T0 model and prompt format.

Approach

Various NLP datasets are partitioned into different tasks. To evaluate zero-shot generalization to new tasks, the model is trained on a subset of tasks and evaluated on a held out group of tasks.

In total 62 datasets with publicly contributed prompts care grouped into 12 tasks

T0 datasets and task taxonomy.

Also the model is further evaluated on a subset of BIG-Bench which is a community driven benchmark to create a diverse collection of difficult tasks to test the abilities of LLMs.

All datasets are given to the model in natural language prompted form to enable zero shot experimentation. A prompt consists of an input template and a target template, along with a collection of associated metadata.

Prompt templates from the P3 prompt collection.

To develop prompts, an interface is built and 36 contributors, affiliated with 24 institutions in d countries participate for interactively writing prompts on datasets.

Prompts are collected for English dataset excluding ones that included potentially harmful content or non-natural language such as programming languages. This collection is referred to as the Public Pool of Prompts (P3), containing 2073 prompts for 177 datasets (11.7 prompts per dataset on average).

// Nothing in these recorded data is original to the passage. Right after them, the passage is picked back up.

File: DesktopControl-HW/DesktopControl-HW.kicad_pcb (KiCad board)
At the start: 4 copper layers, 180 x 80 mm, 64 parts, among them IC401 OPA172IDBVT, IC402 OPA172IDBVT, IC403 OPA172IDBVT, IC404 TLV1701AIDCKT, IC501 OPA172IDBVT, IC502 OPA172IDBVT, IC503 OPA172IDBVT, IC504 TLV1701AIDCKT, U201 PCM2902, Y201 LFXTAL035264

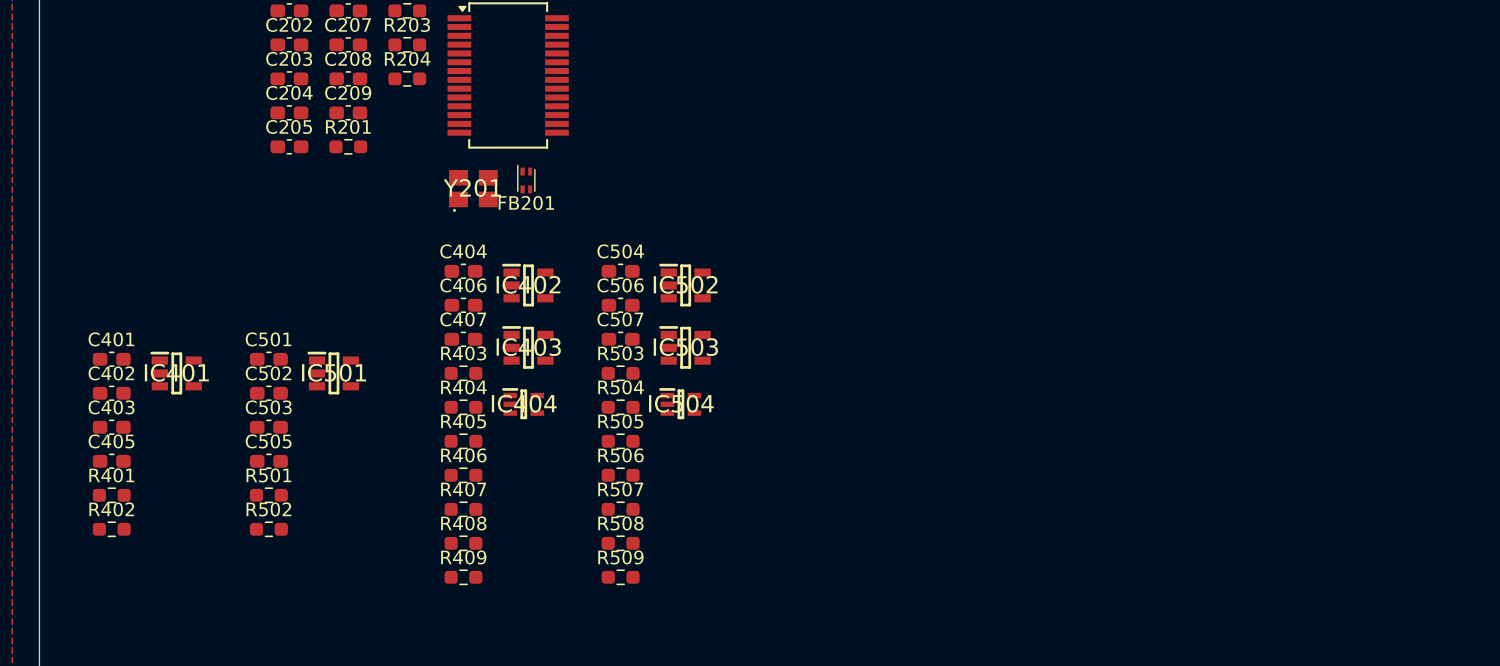
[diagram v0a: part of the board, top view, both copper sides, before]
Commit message: Rework amplifier configuration, add amplifier for subwoofer and start check of codec
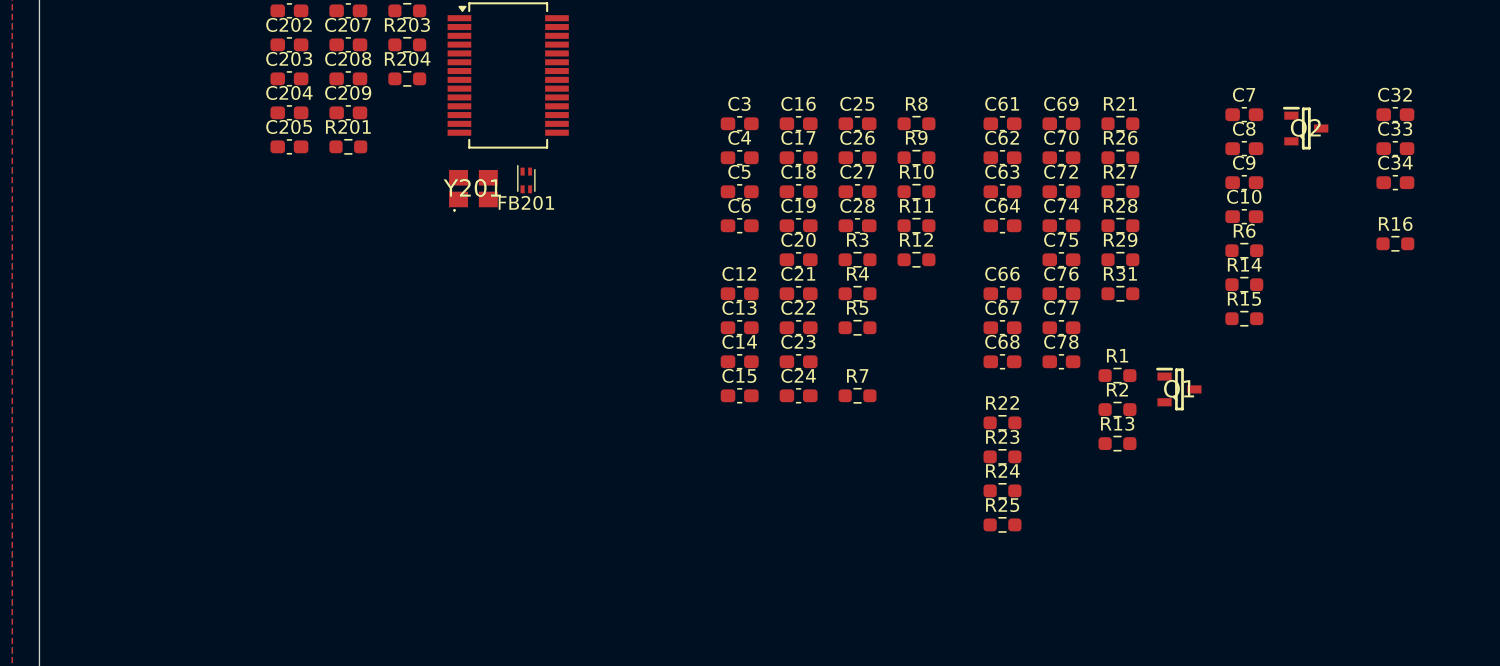
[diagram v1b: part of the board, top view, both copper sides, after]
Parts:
- removed C401, C402, C403, C405, C406, C407, C501, C502, C503, C505, C506, C507: C, Capacitor_SMD:C_0603_1608Metric_Pad1.08x0.95mm_HandSolder
- removed C404, C504: 470n, Capacitor_SMD:C_0603_1608Metric_Pad1.08x0.95mm_HandSolder
- removed IC401, IC402, IC403, IC501, IC502, IC503: OPA172IDBVT, Lund Formula Student:SOT95P280X145-5N
- removed IC404, IC504: TLV1701AIDCKT, Lund Formula Student:SOT65P210X110-5N
- removed R401, R402, R404, R501, R502, R504: 1M, Resistor_SMD:R_0603_1608Metric_Pad0.98x0.95mm_HandSolder
- removed R403, R503: 18k, Resistor_SMD:R_0603_1608Metric_Pad0.98x0.95mm_HandSolder
- removed R405, R505: 22R, Resistor_SMD:R_0603_1608Metric_Pad0.98x0.95mm_HandSolder
- removed R406, R409, R506, R509: TBD, Resistor_SMD:R_0603_1608Metric_Pad0.98x0.95mm_HandSolder
- removed R407, R408, R507, R508: 0R, Resistor_SMD:R_0603_1608Metric_Pad0.98x0.95mm_HandSolder
- added C10: 1u, Capacitor_SMD:C_0603_1608Metric_Pad1.08x0.95mm_HandSolder, F.Cu at (128.9, 72.8)
- added C12: C, Capacitor_SMD:C_0603_1608Metric_Pad1.08x0.95mm_HandSolder, F.Cu at (91.7, 78.4)
- added C13: 220n, Capacitor_SMD:C_0603_1608Metric_Pad1.08x0.95mm_HandSolder, F.Cu at (91.7, 81.0)
- added C14: 220n, Capacitor_SMD:C_0603_1608Metric_Pad1.08x0.95mm_HandSolder, F.Cu at (91.7, 83.5)
- added C15: 220n, Capacitor_SMD:C_0603_1608Metric_Pad1.08x0.95mm_HandSolder, F.Cu at (91.7, 86.0)
- added C16: 220n, Capacitor_SMD:C_0603_1608Metric_Pad1.08x0.95mm_HandSolder, F.Cu at (96.0, 65.9)
- added C17: 680n, Capacitor_SMD:C_0603_1608Metric_Pad1.08x0.95mm_HandSolder, F.Cu at (96.0, 68.4)
- added C18: 680n, Capacitor_SMD:C_0603_1608Metric_Pad1.08x0.95mm_HandSolder, F.Cu at (96.0, 70.9)
- added C19: 1n, Capacitor_SMD:C_0603_1608Metric_Pad1.08x0.95mm_HandSolder, F.Cu at (96.0, 73.4)
- added C20: 1n, Capacitor_SMD:C_0603_1608Metric_Pad1.08x0.95mm_HandSolder, F.Cu at (96.0, 75.9)
- added C21: 10n, Capacitor_SMD:C_0603_1608Metric_Pad1.08x0.95mm_HandSolder, F.Cu at (96.0, 78.4)
- added C22: 10n, Capacitor_SMD:C_0603_1608Metric_Pad1.08x0.95mm_HandSolder, F.Cu at (96.0, 81.0)
- added C23: 1n, Capacitor_SMD:C_0603_1608Metric_Pad1.08x0.95mm_HandSolder, F.Cu at (96.0, 83.5)
- added C24: 680n, Capacitor_SMD:C_0603_1608Metric_Pad1.08x0.95mm_HandSolder, F.Cu at (96.0, 86.0)
- added C25: 10n, Capacitor_SMD:C_0603_1608Metric_Pad1.08x0.95mm_HandSolder, F.Cu at (100.4, 65.9)
- added C26: 680n, Capacitor_SMD:C_0603_1608Metric_Pad1.08x0.95mm_HandSolder, F.Cu at (100.4, 68.4)
- added C27: 10n, Capacitor_SMD:C_0603_1608Metric_Pad1.08x0.95mm_HandSolder, F.Cu at (100.4, 70.9)
- added C28: 1n, Capacitor_SMD:C_0603_1608Metric_Pad1.08x0.95mm_HandSolder, F.Cu at (100.4, 73.4)
- added C3: 100n, Capacitor_SMD:C_0603_1608Metric_Pad1.08x0.95mm_HandSolder, F.Cu at (91.7, 65.9)
- added C32: 1u, Capacitor_SMD:C_0603_1608Metric_Pad1.08x0.95mm_HandSolder, F.Cu at (140.1, 65.2)
- added C33: 1u, Capacitor_SMD:C_0603_1608Metric_Pad1.08x0.95mm_HandSolder, F.Cu at (140.1, 67.7)
- added C34: 1u, Capacitor_SMD:C_0603_1608Metric_Pad1.08x0.95mm_HandSolder, F.Cu at (140.1, 70.2)
- added C4: 100n, Capacitor_SMD:C_0603_1608Metric_Pad1.08x0.95mm_HandSolder, F.Cu at (91.7, 68.4)
- added C5: 1n, Capacitor_SMD:C_0603_1608Metric_Pad1.08x0.95mm_HandSolder, F.Cu at (91.7, 70.9)
- added C6: 1n, Capacitor_SMD:C_0603_1608Metric_Pad1.08x0.95mm_HandSolder, F.Cu at (91.7, 73.4)
- added C61: 100n, Capacitor_SMD:C_0603_1608Metric_Pad1.08x0.95mm_HandSolder, F.Cu at (111.1, 65.9)
- added C62: 100n, Capacitor_SMD:C_0603_1608Metric_Pad1.08x0.95mm_HandSolder, F.Cu at (111.1, 68.4)
- added C63: 1n, Capacitor_SMD:C_0603_1608Metric_Pad1.08x0.95mm_HandSolder, F.Cu at (111.1, 70.9)
- added C64: 1n, Capacitor_SMD:C_0603_1608Metric_Pad1.08x0.95mm_HandSolder, F.Cu at (111.1, 73.4)
- added C66: 220n, Capacitor_SMD:C_0603_1608Metric_Pad1.08x0.95mm_HandSolder, F.Cu at (111.1, 78.4)
- added C67: 220n, Capacitor_SMD:C_0603_1608Metric_Pad1.08x0.95mm_HandSolder, F.Cu at (111.1, 81.0)
- added C68: 1u, Capacitor_SMD:C_0603_1608Metric_Pad1.08x0.95mm_HandSolder, F.Cu at (111.1, 83.5)
- added C69: 680n, Capacitor_SMD:C_0603_1608Metric_Pad1.08x0.95mm_HandSolder, F.Cu at (115.4, 65.9)
- added C7: 1u, Capacitor_SMD:C_0603_1608Metric_Pad1.08x0.95mm_HandSolder, F.Cu at (128.9, 65.2)
- added C70: 10n, Capacitor_SMD:C_0603_1608Metric_Pad1.08x0.95mm_HandSolder, F.Cu at (115.4, 68.4)
- added C72: 220n, Capacitor_SMD:C_0603_1608Metric_Pad1.08x0.95mm_HandSolder, F.Cu at (115.4, 70.9)
- added C74: 680n, Capacitor_SMD:C_0603_1608Metric_Pad1.08x0.95mm_HandSolder, F.Cu at (115.4, 73.4)
- added C75: 10n, Capacitor_SMD:C_0603_1608Metric_Pad1.08x0.95mm_HandSolder, F.Cu at (115.4, 75.9)
- added C76: 220n, Capacitor_SMD:C_0603_1608Metric_Pad1.08x0.95mm_HandSolder, F.Cu at (115.4, 78.4)
- added C77: 1u, Capacitor_SMD:C_0603_1608Metric_Pad1.08x0.95mm_HandSolder, F.Cu at (115.4, 81.0)
- added C78: 1u, Capacitor_SMD:C_0603_1608Metric_Pad1.08x0.95mm_HandSolder, F.Cu at (115.4, 83.5)
- added C8: 1u, Capacitor_SMD:C_0603_1608Metric_Pad1.08x0.95mm_HandSolder, F.Cu at (128.9, 67.7)
- added C9: 1u, Capacitor_SMD:C_0603_1608Metric_Pad1.08x0.95mm_HandSolder, F.Cu at (128.9, 70.2)
- added Q1: PMV280ENEAR, Lund Formula Student:SOT95P230X110-3N, F.Cu at (124.2, 85.5)
- added Q2: PMV280ENEAR, Lund Formula Student:SOT95P230X110-3N, F.Cu at (133.5, 66.2)
- added R1: 100k, Resistor_SMD:R_0603_1608Metric_Pad0.98x0.95mm_HandSolder, F.Cu at (119.6, 84.5)
- added R10: 3R3, Resistor_SMD:R_0603_1608Metric_Pad0.98x0.95mm_HandSolder, F.Cu at (104.7, 70.9)
- added R11: 47k, Resistor_SMD:R_0603_1608Metric_Pad0.98x0.95mm_HandSolder, F.Cu at (104.7, 73.4)
- added R12: 47k, Resistor_SMD:R_0603_1608Metric_Pad0.98x0.95mm_HandSolder, F.Cu at (104.7, 75.9)
- added R13: 10k, Resistor_SMD:R_0603_1608Metric_Pad0.98x0.95mm_HandSolder, F.Cu at (119.6, 89.5)
- added R14: 10k, Resistor_SMD:R_0603_1608Metric_Pad0.98x0.95mm_HandSolder, F.Cu at (128.9, 77.8)
- added R15: 100k, Resistor_SMD:R_0603_1608Metric_Pad0.98x0.95mm_HandSolder, F.Cu at (128.9, 80.3)
- added R16: 10k, Resistor_SMD:R_0603_1608Metric_Pad0.98x0.95mm_HandSolder, F.Cu at (140.1, 74.8)
- added R2: 10k, Resistor_SMD:R_0603_1608Metric_Pad0.98x0.95mm_HandSolder, F.Cu at (119.6, 87.0)
- added R21: 3R3, Resistor_SMD:R_0603_1608Metric_Pad0.98x0.95mm_HandSolder, F.Cu at (119.8, 65.9)
- added R22: 12k, Resistor_SMD:R_0603_1608Metric_Pad0.98x0.95mm_HandSolder, F.Cu at (111.1, 88.0)
- added R23: 12k, Resistor_SMD:R_0603_1608Metric_Pad0.98x0.95mm_HandSolder, F.Cu at (111.1, 90.5)
- added R24: 47k, Resistor_SMD:R_0603_1608Metric_Pad0.98x0.95mm_HandSolder, F.Cu at (111.1, 93.0)
- added R25: 47k, Resistor_SMD:R_0603_1608Metric_Pad0.98x0.95mm_HandSolder, F.Cu at (111.1, 95.5)
- added R26: 47k, Resistor_SMD:R_0603_1608Metric_Pad0.98x0.95mm_HandSolder, F.Cu at (119.8, 68.4)
- added R27: 3R3, Resistor_SMD:R_0603_1608Metric_Pad0.98x0.95mm_HandSolder, F.Cu at (119.8, 70.9)
- added R28: 51k, Resistor_SMD:R_0603_1608Metric_Pad0.98x0.95mm_HandSolder, F.Cu at (119.8, 73.4)
- added R29: 51k, Resistor_SMD:R_0603_1608Metric_Pad0.98x0.95mm_HandSolder, F.Cu at (119.8, 75.9)
- added R3: 47k, Resistor_SMD:R_0603_1608Metric_Pad0.98x0.95mm_HandSolder, F.Cu at (100.4, 75.9)
- added R31: 100k, Resistor_SMD:R_0603_1608Metric_Pad0.98x0.95mm_HandSolder, F.Cu at (119.8, 78.4)
- added R4: 5k6, Resistor_SMD:R_0603_1608Metric_Pad0.98x0.95mm_HandSolder, F.Cu at (100.4, 78.4)
- added R5: 10k, Resistor_SMD:R_0603_1608Metric_Pad0.98x0.95mm_HandSolder, F.Cu at (100.4, 81.0)
- added R6: 10k, Resistor_SMD:R_0603_1608Metric_Pad0.98x0.95mm_HandSolder, F.Cu at (128.9, 75.3)
- added R7: 3R3, Resistor_SMD:R_0603_1608Metric_Pad0.98x0.95mm_HandSolder, F.Cu at (100.4, 86.0)
- added R8: 3R3, Resistor_SMD:R_0603_1608Metric_Pad0.98x0.95mm_HandSolder, F.Cu at (104.7, 65.9)
- added R9: 3R3, Resistor_SMD:R_0603_1608Metric_Pad0.98x0.95mm_HandSolder, F.Cu at (104.7, 68.4)
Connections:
- U201 pad 15: /AMPLIFIER_R/AUDIO_IN -> /CODEC/AUDIO_R
- U201 pad 16: /AMPLIFIER_L/AUDIO_IN -> /CODEC/AUDIO_L

Prompts used in experiments are all sourced from P3 except for BIG-bench, the prompts of which are provided by its maintainers.

Experimental setup

T0, based on T5 uses an encoder-decoder architecture with input text fed to the encoder and target text produced by the decoder. The model is trained to autoregressive generate the target through standard maximum likelihood training. Unlike decoder-only language models such as GPT-3, it is never trained to generate the input.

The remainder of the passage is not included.